Jailbreaking Safeguarded Text-to-Image Models via Large Language Models
Zhengyuan Jiang, Yuepeng Hu, Yuchen Yang, Yinzhi Cao, Neil Zhenqiang Gong
TL;DR
The paper addresses the vulnerability of safeguarded text-to-image models to adversarial prompts by introducing PromptTune, a query-free jailbreak that fine-tunes an LLM (AttackLLM) to rewrite unsafe prompts into effective adversarial prompts, guided by a CLIP-based Judge. It presents three variants (PromptTune-base, PromptTune-AdvPrompter, PromptTune-dpo) and a 66,000-sample preference dataset to optimize the rewriting process, achieving superior bypass rates and CLIP-based utility over existing no-box baselines and enhancing query-based attacks. The evaluation spans three unsafe-prompt datasets and five guardrails, highlighting strong performance against safety filters and mixed results for alignment guardrails, while emphasizing efficiency gains (single LLM interaction) and applicability to real-world red-teaming.
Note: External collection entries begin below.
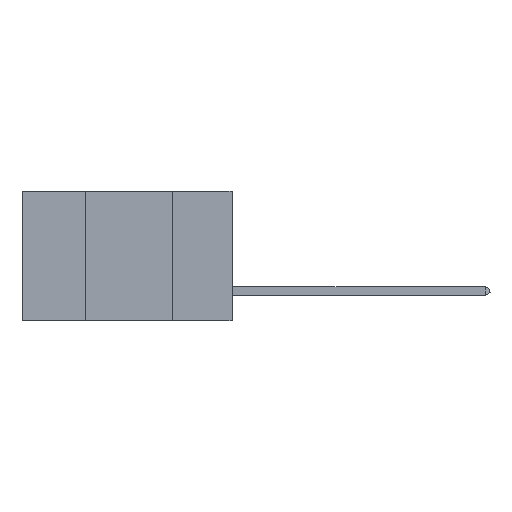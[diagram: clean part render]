
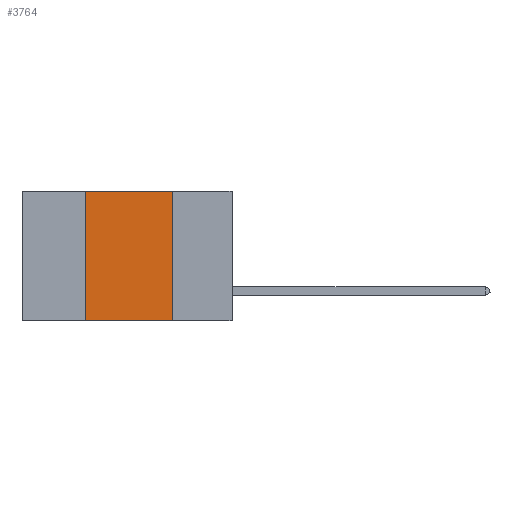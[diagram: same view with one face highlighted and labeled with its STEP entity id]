
A CAD part, left-side view. The second image highlights one B-rep face of the part: STEP entity #3764.
In plain terms, the highlighted planar face has unit normal (-1, 0, 0).
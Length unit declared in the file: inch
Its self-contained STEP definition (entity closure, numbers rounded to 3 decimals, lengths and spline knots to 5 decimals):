
#112 = EDGE_LOOP ( 'NONE', ( #3930, #4338, #12005, #7443 ) ) ;
#1752 = DIRECTION ( 'NONE',  ( 0., 0., -1. ) ) ;
#2011 = VECTOR ( 'NONE', #1752, 39.37008 ) ;
#2012 = DIRECTION ( 'NONE',  ( 1., 0., 0. ) ) ;
#2287 = LINE ( 'NONE', #10902, #14081 ) ;
#2875 = VERTEX_POINT ( 'NONE', #9542 ) ;
#3530 = VERTEX_POINT ( 'NONE', #9009 ) ;
#3764 = ADVANCED_FACE ( 'NONE', ( #10707 ), #10701, .F. ) ;
#3930 = ORIENTED_EDGE ( 'NONE', *, *, #6299, .F. ) ;
#4335 = VECTOR ( 'NONE', #16039, 39.37008 ) ;
#4338 = ORIENTED_EDGE ( 'NONE', *, *, #10865, .F. ) ;
#4460 = VERTEX_POINT ( 'NONE', #4789 ) ;
#4789 = CARTESIAN_POINT ( 'NONE',  ( 0., 0.17, -0.37 ) ) ;
#5728 = VECTOR ( 'NONE', #12741, 39.37008 ) ;
#5912 = DIRECTION ( 'NONE',  ( 0., 0., 1. ) ) ;
#6270 = EDGE_CURVE ( 'NONE', #8922, #4460, #6859, .T. ) ;
#6299 = EDGE_CURVE ( 'NONE', #3530, #4460, #8625, .T. ) ;
#6859 = LINE ( 'NONE', #15082, #5728 ) ;
#7007 = CARTESIAN_POINT ( 'NONE',  ( 0., 0.42, -0.37 ) ) ;
#7443 = ORIENTED_EDGE ( 'NONE', *, *, #6270, .T. ) ;
#7456 = CARTESIAN_POINT ( 'NONE',  ( 0., 0.6, 0. ) ) ;
#8625 = LINE ( 'NONE', #15342, #2011 ) ;
#8922 = VERTEX_POINT ( 'NONE', #7007 ) ;
#9009 = CARTESIAN_POINT ( 'NONE',  ( 0., 0.17, 0. ) ) ;
#9376 = EDGE_CURVE ( 'NONE', #8922, #2875, #2287, .T. ) ;
#9464 = DIRECTION ( 'NONE',  ( 0., 0., -1. ) ) ;
#9542 = CARTESIAN_POINT ( 'NONE',  ( 0., 0.42, 0. ) ) ;
#10615 = AXIS2_PLACEMENT_3D ( 'NONE', #15644, #2012, #9464 ) ;
#10701 = PLANE ( 'NONE',  #10615 ) ;
#10707 = FACE_OUTER_BOUND ( 'NONE', #112, .T. ) ;
#10865 = EDGE_CURVE ( 'NONE', #2875, #3530, #11832, .T. ) ;
#10902 = CARTESIAN_POINT ( 'NONE',  ( 0., 0.42, 0. ) ) ;
#11832 = LINE ( 'NONE', #7456, #4335 ) ;
#12005 = ORIENTED_EDGE ( 'NONE', *, *, #9376, .F. ) ;
#12741 = DIRECTION ( 'NONE',  ( 0., -1., 0. ) ) ;
#14081 = VECTOR ( 'NONE', #5912, 39.37008 ) ;
#15082 = CARTESIAN_POINT ( 'NONE',  ( 0., 0.6, -0.37 ) ) ;
#15342 = CARTESIAN_POINT ( 'NONE',  ( 0., 0.17, 0. ) ) ;
#15644 = CARTESIAN_POINT ( 'NONE',  ( 0., 0.6, 0. ) ) ;
#16039 = DIRECTION ( 'NONE',  ( 0., -1., 0. ) ) ;

The work underscores the need to integrate LLM-based jailbreak defenses into alignment pipelines and suggests future directions such as combining this approach with tree-of-thought reasoning for further attack efficacy or defense enhancement.
Abstract
Text-to-Image models may generate harmful content, such as pornographic images, particularly when unsafe prompts are submitted. To address this issue, safety filters are often added on top of text-to-image models, or the models themselves are aligned to reduce harmful outputs. However, these defenses remain vulnerable when an attacker strategically designs adversarial prompts to bypass these safety guardrails. In this work, we propose \alg, a method to jailbreak text-to-image models with safety guardrails using a fine-tuned large language model. Unlike other query-based jailbreak attacks that require repeated queries to the target model, our attack generates adversarial prompts efficiently after fine-tuning our AttackLLM. We evaluate our method on three datasets of unsafe prompts and against five safety guardrails. Our results demonstrate that our approach effectively bypasses safety guardrails, outperforms existing no-box attacks, and also facilitates other query-based attacks.